=== DATA FOR THIS TASK ===

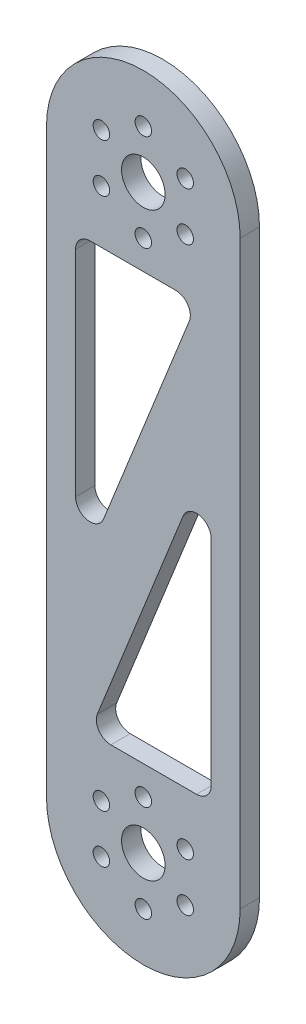
ISO-10303-21;
HEADER;
FILE_DESCRIPTION(('STEP AP214'),'2;1');
FILE_NAME('part.step','',(''),(''),'','','');
FILE_SCHEMA(('AUTOMOTIVE_DESIGN { 1 0 10303 214 1 1 1 1 }'));
ENDSEC;
DATA;
#1=APPLICATION_CONTEXT('core data for automotive mechanical design processes');
#2=APPLICATION_PROTOCOL_DEFINITION('international standard','automotive_design',2000,#1);
#3=PRODUCT_CONTEXT('',#1,'mechanical');
#4=PRODUCT('Part','Part','',(#3));
#5=PRODUCT_RELATED_PRODUCT_CATEGORY('part','',(#4));
#6=PRODUCT_DEFINITION_FORMATION('','',#4);
#7=PRODUCT_DEFINITION_CONTEXT('part definition',#1,'design');
#8=PRODUCT_DEFINITION('design','',#6,#7);
#9=PRODUCT_DEFINITION_SHAPE('','',#8);
#10=(LENGTH_UNIT() NAMED_UNIT(*) SI_UNIT(.MILLI.,.METRE.));
#11=(NAMED_UNIT(*) PLANE_ANGLE_UNIT() SI_UNIT($,.RADIAN.));
#12=(NAMED_UNIT(*) SI_UNIT($,.STERADIAN.) SOLID_ANGLE_UNIT());
#13=UNCERTAINTY_MEASURE_WITH_UNIT(LENGTH_MEASURE(1.E-05),#10,'distance_accuracy_value','');
#14=(GEOMETRIC_REPRESENTATION_CONTEXT(3) GLOBAL_UNCERTAINTY_ASSIGNED_CONTEXT((#13)) GLOBAL_UNIT_ASSIGNED_CONTEXT((#10,
#11,#12)) REPRESENTATION_CONTEXT('',''));
#15=CARTESIAN_POINT('',(0.,0.,0.));
#16=DIRECTION('',(0.,0.,1.));
#17=DIRECTION('',(1.,0.,0.));
#18=AXIS2_PLACEMENT_3D('',#15,#16,#17);
#19=CARTESIAN_POINT('',(0.,-60.,4.));
#20=DIRECTION('',(0.,0.,1.));
#21=DIRECTION('',(1.,0.,0.));
#22=AXIS2_PLACEMENT_3D('',#19,#20,#21);
#23=PLANE('',#22);
#24=CARTESIAN_POINT('',(-8.66025403784427,-54.9999999999998,4.));
#25=DIRECTION('',(0.,0.,1.));
#26=DIRECTION('',(-1.,0.,0.));
#27=AXIS2_PLACEMENT_3D('',#24,#25,#26);
#28=CIRCLE('',#27,1.69999999999973);
#29=CARTESIAN_POINT('',(-10.360254037844,-54.9999999999998,4.));
#30=VERTEX_POINT('',#29);
#31=EDGE_CURVE('E400',#30,#30,#28,.T.);
#32=ORIENTED_EDGE('',*,*,#31,.F.);
#33=EDGE_LOOP('',(#32));
#34=FACE_BOUND('',#33,.T.);
#35=CARTESIAN_POINT('',(-8.66025403784437,-65.,4.));
#36=DIRECTION('',(0.,0.,1.));
#37=DIRECTION('',(-1.,0.,0.));
#38=AXIS2_PLACEMENT_3D('',#35,#36,#37);
#39=CIRCLE('',#38,1.7);
#40=CARTESIAN_POINT('',(-10.3602540378444,-65.,4.));
#41=VERTEX_POINT('',#40);
#42=EDGE_CURVE('E430',#41,#41,#39,.T.);
#43=ORIENTED_EDGE('',*,*,#42,.F.);
#44=EDGE_LOOP('',(#43));
#45=FACE_BOUND('',#44,.T.);
#46=CARTESIAN_POINT('',(0.,-70.,4.));
#47=DIRECTION('',(0.,0.,1.));
#48=DIRECTION('',(-1.,0.,0.));
#49=AXIS2_PLACEMENT_3D('',#46,#47,#48);
#50=CIRCLE('',#49,1.7);
#51=CARTESIAN_POINT('',(-1.69999999999993,-70.,4.));
#52=VERTEX_POINT('',#51);
#53=EDGE_CURVE('E424',#52,#52,#50,.T.);
#54=ORIENTED_EDGE('',*,*,#53,.F.);
#55=EDGE_LOOP('',(#54));
#56=FACE_BOUND('',#55,.T.);
#57=CARTESIAN_POINT('',(8.66025403784415,55.,4.));
#58=DIRECTION('',(0.,0.,1.));
#59=DIRECTION('',(1.,0.,0.));
#60=AXIS2_PLACEMENT_3D('',#57,#58,#59);
#61=CIRCLE('',#60,1.69999999999993);
#62=CARTESIAN_POINT('',(10.3602540378441,55.,4.));
#63=VERTEX_POINT('',#62);
#64=EDGE_CURVE('E418',#63,#63,#61,.T.);
#65=ORIENTED_EDGE('',*,*,#64,.F.);
#66=EDGE_LOOP('',(#65));
#67=FACE_BOUND('',#66,.T.);
#68=CARTESIAN_POINT('',(8.66025403784442,64.9999999999999,4.));
#69=DIRECTION('',(0.,0.,1.));
#70=DIRECTION('',(1.,0.,0.));
#71=AXIS2_PLACEMENT_3D('',#68,#69,#70);
#72=CIRCLE('',#71,1.69999999999999);
#73=CARTESIAN_POINT('',(10.3602540378444,64.9999999999999,4.));
#74=VERTEX_POINT('',#73);
#75=EDGE_CURVE('E417',#74,#74,#72,.T.);
#76=ORIENTED_EDGE('',*,*,#75,.F.);
#77=EDGE_LOOP('',(#76));
#78=FACE_BOUND('',#77,.T.);
#79=CARTESIAN_POINT('',(0.,70.,4.));
#80=DIRECTION('',(0.,0.,1.));
#81=DIRECTION('',(1.,0.,0.));
#82=AXIS2_PLACEMENT_3D('',#79,#80,#81);
#83=CIRCLE('',#82,1.7);
#84=CARTESIAN_POINT('',(1.70000000000007,70.,4.));
#85=VERTEX_POINT('',#84);
#86=EDGE_CURVE('E454',#85,#85,#83,.T.);
#87=ORIENTED_EDGE('',*,*,#86,.F.);
#88=EDGE_LOOP('',(#87));
#89=FACE_BOUND('',#88,.T.);
#90=CARTESIAN_POINT('',(-8.66025403784437,65.,4.));
#91=DIRECTION('',(0.,0.,1.));
#92=DIRECTION('',(1.,0.,0.));
#93=AXIS2_PLACEMENT_3D('',#90,#91,#92);
#94=CIRCLE('',#93,1.7);
#95=CARTESIAN_POINT('',(-6.96025403784436,65.,4.));
#96=VERTEX_POINT('',#95);
#97=EDGE_CURVE('E448',#96,#96,#94,.T.);
#98=ORIENTED_EDGE('',*,*,#97,.F.);
#99=EDGE_LOOP('',(#98));
#100=FACE_BOUND('',#99,.T.);
#101=CARTESIAN_POINT('',(-8.66025403784426,54.9999999999998,4.));
#102=DIRECTION('',(0.,0.,1.));
#103=DIRECTION('',(1.,0.,0.));
#104=AXIS2_PLACEMENT_3D('',#101,#102,#103);
#105=CIRCLE('',#104,1.69999999999974);
#106=CARTESIAN_POINT('',(-6.96025403784452,54.9999999999998,4.));
#107=VERTEX_POINT('',#106);
#108=EDGE_CURVE('E442',#107,#107,#105,.T.);
#109=ORIENTED_EDGE('',*,*,#108,.F.);
#110=EDGE_LOOP('',(#109));
#111=FACE_BOUND('',#110,.T.);
#112=CARTESIAN_POINT('',(0.,-50.,4.));
#113=DIRECTION('',(0.,0.,1.));
#114=DIRECTION('',(-1.,0.,0.));
#115=AXIS2_PLACEMENT_3D('',#112,#113,#114);
#116=CIRCLE('',#115,1.7);
#117=CARTESIAN_POINT('',(-1.7,-50.,4.));
#118=VERTEX_POINT('',#117);
#119=EDGE_CURVE('E396',#118,#118,#116,.T.);
#120=ORIENTED_EDGE('',*,*,#119,.F.);
#121=EDGE_LOOP('',(#120));
#122=FACE_BOUND('',#121,.T.);
#123=CARTESIAN_POINT('',(8.66025403784414,-55.,4.));
#124=DIRECTION('',(0.,0.,1.));
#125=DIRECTION('',(-1.,0.,0.));
#126=AXIS2_PLACEMENT_3D('',#123,#124,#125);
#127=CIRCLE('',#126,1.69999999999994);
#128=CARTESIAN_POINT('',(6.9602540378442,-55.,4.));
#129=VERTEX_POINT('',#128);
#130=EDGE_CURVE('E403',#129,#129,#127,.T.);
#131=ORIENTED_EDGE('',*,*,#130,.F.);
#132=EDGE_LOOP('',(#131));
#133=FACE_BOUND('',#132,.T.);
#134=CARTESIAN_POINT('',(8.66025403784442,-64.9999999999999,4.));
#135=DIRECTION('',(0.,0.,1.));
#136=DIRECTION('',(-1.,0.,0.));
#137=AXIS2_PLACEMENT_3D('',#134,#135,#136);
#138=CIRCLE('',#137,1.69999999999999);
#139=CARTESIAN_POINT('',(6.96025403784443,-64.9999999999999,4.));
#140=VERTEX_POINT('',#139);
#141=EDGE_CURVE('E411',#140,#140,#138,.T.);
#142=ORIENTED_EDGE('',*,*,#141,.F.);
#143=EDGE_LOOP('',(#142));
#144=FACE_BOUND('',#143,.T.);
#145=CARTESIAN_POINT('',(0.,50.,4.));
#146=DIRECTION('',(0.,0.,1.));
#147=DIRECTION('',(1.,0.,0.));
#148=AXIS2_PLACEMENT_3D('',#145,#146,#147);
#149=CIRCLE('',#148,1.7);
#150=CARTESIAN_POINT('',(1.7,50.,4.));
#151=VERTEX_POINT('',#150);
#152=EDGE_CURVE('E441',#151,#151,#149,.T.);
#153=ORIENTED_EDGE('',*,*,#152,.F.);
#154=EDGE_LOOP('',(#153));
#155=FACE_BOUND('',#154,.T.);
#156=DIRECTION('',(1.,0.,0.));
#157=VECTOR('',#156,1.);
#158=CARTESIAN_POINT('',(-11.1378022314386,-44.,4.));
#159=LINE('',#158,#157);
#160=CARTESIAN_POINT('',(-6.70670334715789,-44.,4.));
#161=VERTEX_POINT('',#160);
#162=CARTESIAN_POINT('',(11.,-44.,4.));
#163=VERTEX_POINT('',#162);
#164=EDGE_CURVE('E465',#161,#163,#159,.T.);
#165=ORIENTED_EDGE('',*,*,#164,.F.);
#166=CARTESIAN_POINT('',(-6.70670334715789,-41.,4.));
#167=DIRECTION('',(0.,0.,1.));
#168=DIRECTION('',(1.,0.,0.));
#169=AXIS2_PLACEMENT_3D('',#166,#167,#168);
#170=CIRCLE('',#169,3.);
#171=CARTESIAN_POINT('',(-9.49213341981367,-39.8858279709377,4.));
#172=VERTEX_POINT('',#171);
#173=EDGE_CURVE('E217',#161,#172,#170,.F.);
#174=ORIENTED_EDGE('',*,*,#173,.T.);
#175=DIRECTION('',(-0.371390676354104,-0.928476690885259,0.));
#176=VECTOR('',#175,1.);
#177=CARTESIAN_POINT('',(-11.1378022314386,-44.,4.));
#178=LINE('',#177,#176);
#179=CARTESIAN_POINT('',(8.21456992734423,4.38093039695704,4.));
#180=VERTEX_POINT('',#179);
#181=EDGE_CURVE('E255',#180,#172,#178,.T.);
#182=ORIENTED_EDGE('',*,*,#181,.F.);
#183=CARTESIAN_POINT('',(11.,3.26675836789472,4.));
#184=DIRECTION('',(0.,0.,1.));
#185=DIRECTION('',(1.,0.,0.));
#186=AXIS2_PLACEMENT_3D('',#183,#184,#185);
#187=CIRCLE('',#186,3.);
#188=CARTESIAN_POINT('',(14.,3.26675836789472,4.));
#189=VERTEX_POINT('',#188);
#190=EDGE_CURVE('E209',#180,#189,#187,.F.);
#191=ORIENTED_EDGE('',*,*,#190,.T.);
#192=DIRECTION('',(0.,1.,0.));
#193=VECTOR('',#192,1.);
#194=CARTESIAN_POINT('',(14.,-44.,4.));
#195=LINE('',#194,#193);
#196=CARTESIAN_POINT('',(14.,-41.,4.));
#197=VERTEX_POINT('',#196);
#198=EDGE_CURVE('E477',#197,#189,#195,.T.);
#199=ORIENTED_EDGE('',*,*,#198,.F.);
#200=CARTESIAN_POINT('',(11.,-41.,4.));
#201=DIRECTION('',(0.,0.,1.));
#202=DIRECTION('',(1.,0.,0.));
#203=AXIS2_PLACEMENT_3D('',#200,#201,#202);
#204=CIRCLE('',#203,3.);
#205=EDGE_CURVE('E213',#197,#163,#204,.F.);
#206=ORIENTED_EDGE('',*,*,#205,.T.);
#207=EDGE_LOOP('',(#165,#174,#182,#191,#199,#206));
#208=FACE_BOUND('',#207,.T.);
#209=DIRECTION('',(0.,-1.,0.));
#210=VECTOR('',#209,1.);
#211=CARTESIAN_POINT('',(-14.,-18.8445055785965,4.));
#212=LINE('',#211,#210);
#213=CARTESIAN_POINT('',(-14.,41.,4.));
#214=VERTEX_POINT('',#213);
#215=CARTESIAN_POINT('',(-14.,-3.26675836789474,4.));
#216=VERTEX_POINT('',#215);
#217=EDGE_CURVE('E233',#214,#216,#212,.T.);
#218=ORIENTED_EDGE('',*,*,#217,.F.);
#219=CARTESIAN_POINT('',(-11.,41.,4.));
#220=DIRECTION('',(0.,0.,1.));
#221=DIRECTION('',(1.,0.,0.));
#222=AXIS2_PLACEMENT_3D('',#219,#220,#221);
#223=CIRCLE('',#222,3.);
#224=CARTESIAN_POINT('',(-11.,44.,4.));
#225=VERTEX_POINT('',#224);
#226=EDGE_CURVE('E44',#214,#225,#223,.F.);
#227=ORIENTED_EDGE('',*,*,#226,.T.);
#228=DIRECTION('',(-1.,0.,0.));
#229=VECTOR('',#228,1.);
#230=CARTESIAN_POINT('',(-14.,44.,4.));
#231=LINE('',#230,#229);
#232=CARTESIAN_POINT('',(6.7067033471579,44.,4.));
#233=VERTEX_POINT('',#232);
#234=EDGE_CURVE('E231',#233,#225,#231,.T.);
#235=ORIENTED_EDGE('',*,*,#234,.F.);
#236=CARTESIAN_POINT('',(6.7067033471579,41.,4.));
#237=DIRECTION('',(0.,0.,1.));
#238=DIRECTION('',(1.,0.,0.));
#239=AXIS2_PLACEMENT_3D('',#236,#237,#238);
#240=CIRCLE('',#239,3.);
#241=CARTESIAN_POINT('',(9.49213341981367,39.8858279709377,4.));
#242=VERTEX_POINT('',#241);
#243=EDGE_CURVE('E225',#233,#242,#240,.F.);
#244=ORIENTED_EDGE('',*,*,#243,.T.);
#245=DIRECTION('',(0.371390676354104,0.928476690885259,0.));
#246=VECTOR('',#245,1.);
#247=CARTESIAN_POINT('',(-14.,-18.8445055785965,4.));
#248=LINE('',#247,#246);
#249=CARTESIAN_POINT('',(-8.21456992734422,-4.38093039695705,4.));
#250=VERTEX_POINT('',#249);
#251=EDGE_CURVE('E239',#250,#242,#248,.T.);
#252=ORIENTED_EDGE('',*,*,#251,.F.);
#253=CARTESIAN_POINT('',(-11.,-3.26675836789474,4.));
#254=DIRECTION('',(0.,0.,1.));
#255=DIRECTION('',(1.,0.,0.));
#256=AXIS2_PLACEMENT_3D('',#253,#254,#255);
#257=CIRCLE('',#256,3.);
#258=EDGE_CURVE('E221',#250,#216,#257,.F.);
#259=ORIENTED_EDGE('',*,*,#258,.T.);
#260=EDGE_LOOP('',(#218,#227,#235,#244,#252,#259));
#261=FACE_BOUND('',#260,.T.);
#262=CARTESIAN_POINT('',(0.,-60.,4.));
#263=DIRECTION('',(0.,0.,1.));
#264=DIRECTION('',(1.,0.,0.));
#265=AXIS2_PLACEMENT_3D('',#262,#263,#264);
#266=CIRCLE('',#265,4.5);
#267=CARTESIAN_POINT('',(4.5,-60.,4.));
#268=VERTEX_POINT('',#267);
#269=EDGE_CURVE('E270',#268,#268,#266,.T.);
#270=ORIENTED_EDGE('',*,*,#269,.F.);
#271=EDGE_LOOP('',(#270));
#272=FACE_BOUND('',#271,.T.);
#273=CARTESIAN_POINT('',(0.,-60.,4.));
#274=DIRECTION('',(0.,0.,1.));
#275=DIRECTION('',(1.,0.,0.));
#276=AXIS2_PLACEMENT_3D('',#273,#274,#275);
#277=CIRCLE('',#276,20.);
#278=CARTESIAN_POINT('',(-20.,-60.,4.));
#279=VERTEX_POINT('',#278);
#280=CARTESIAN_POINT('',(20.,-60.,4.));
#281=VERTEX_POINT('',#280);
#282=EDGE_CURVE('E161',#279,#281,#277,.T.);
#283=ORIENTED_EDGE('',*,*,#282,.T.);
#284=DIRECTION('',(0.,1.,0.));
#285=VECTOR('',#284,1.);
#286=CARTESIAN_POINT('',(20.,-60.,4.));
#287=LINE('',#286,#285);
#288=CARTESIAN_POINT('',(20.,60.,4.));
#289=VERTEX_POINT('',#288);
#290=EDGE_CURVE('E150',#281,#289,#287,.T.);
#291=ORIENTED_EDGE('',*,*,#290,.T.);
#292=CARTESIAN_POINT('',(0.,60.,4.));
#293=DIRECTION('',(0.,0.,1.));
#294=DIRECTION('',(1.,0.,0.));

===

* _PROMPT_
Write down, word for word, the lines above from the one containing "#264=DIRECTION('',(1.,0.,0.));" through the one containing "#274=DIRECTION('',(0.,0.,1.));", both ends included.

* _YOUR RESPONSE_
#264=DIRECTION('',(1.,0.,0.));
#265=AXIS2_PLACEMENT_3D('',#262,#263,#264);
#266=CIRCLE('',#265,4.5);
#267=CARTESIAN_POINT('',(4.5,-60.,4.));
#268=VERTEX_POINT('',#267);
#269=EDGE_CURVE('E270',#268,#268,#266,.T.);
#270=ORIENTED_EDGE('',*,*,#269,.F.);
#271=EDGE_LOOP('',(#270));
#272=FACE_BOUND('',#271,.T.);
#273=CARTESIAN_POINT('',(0.,-60.,4.));
#274=DIRECTION('',(0.,0.,1.));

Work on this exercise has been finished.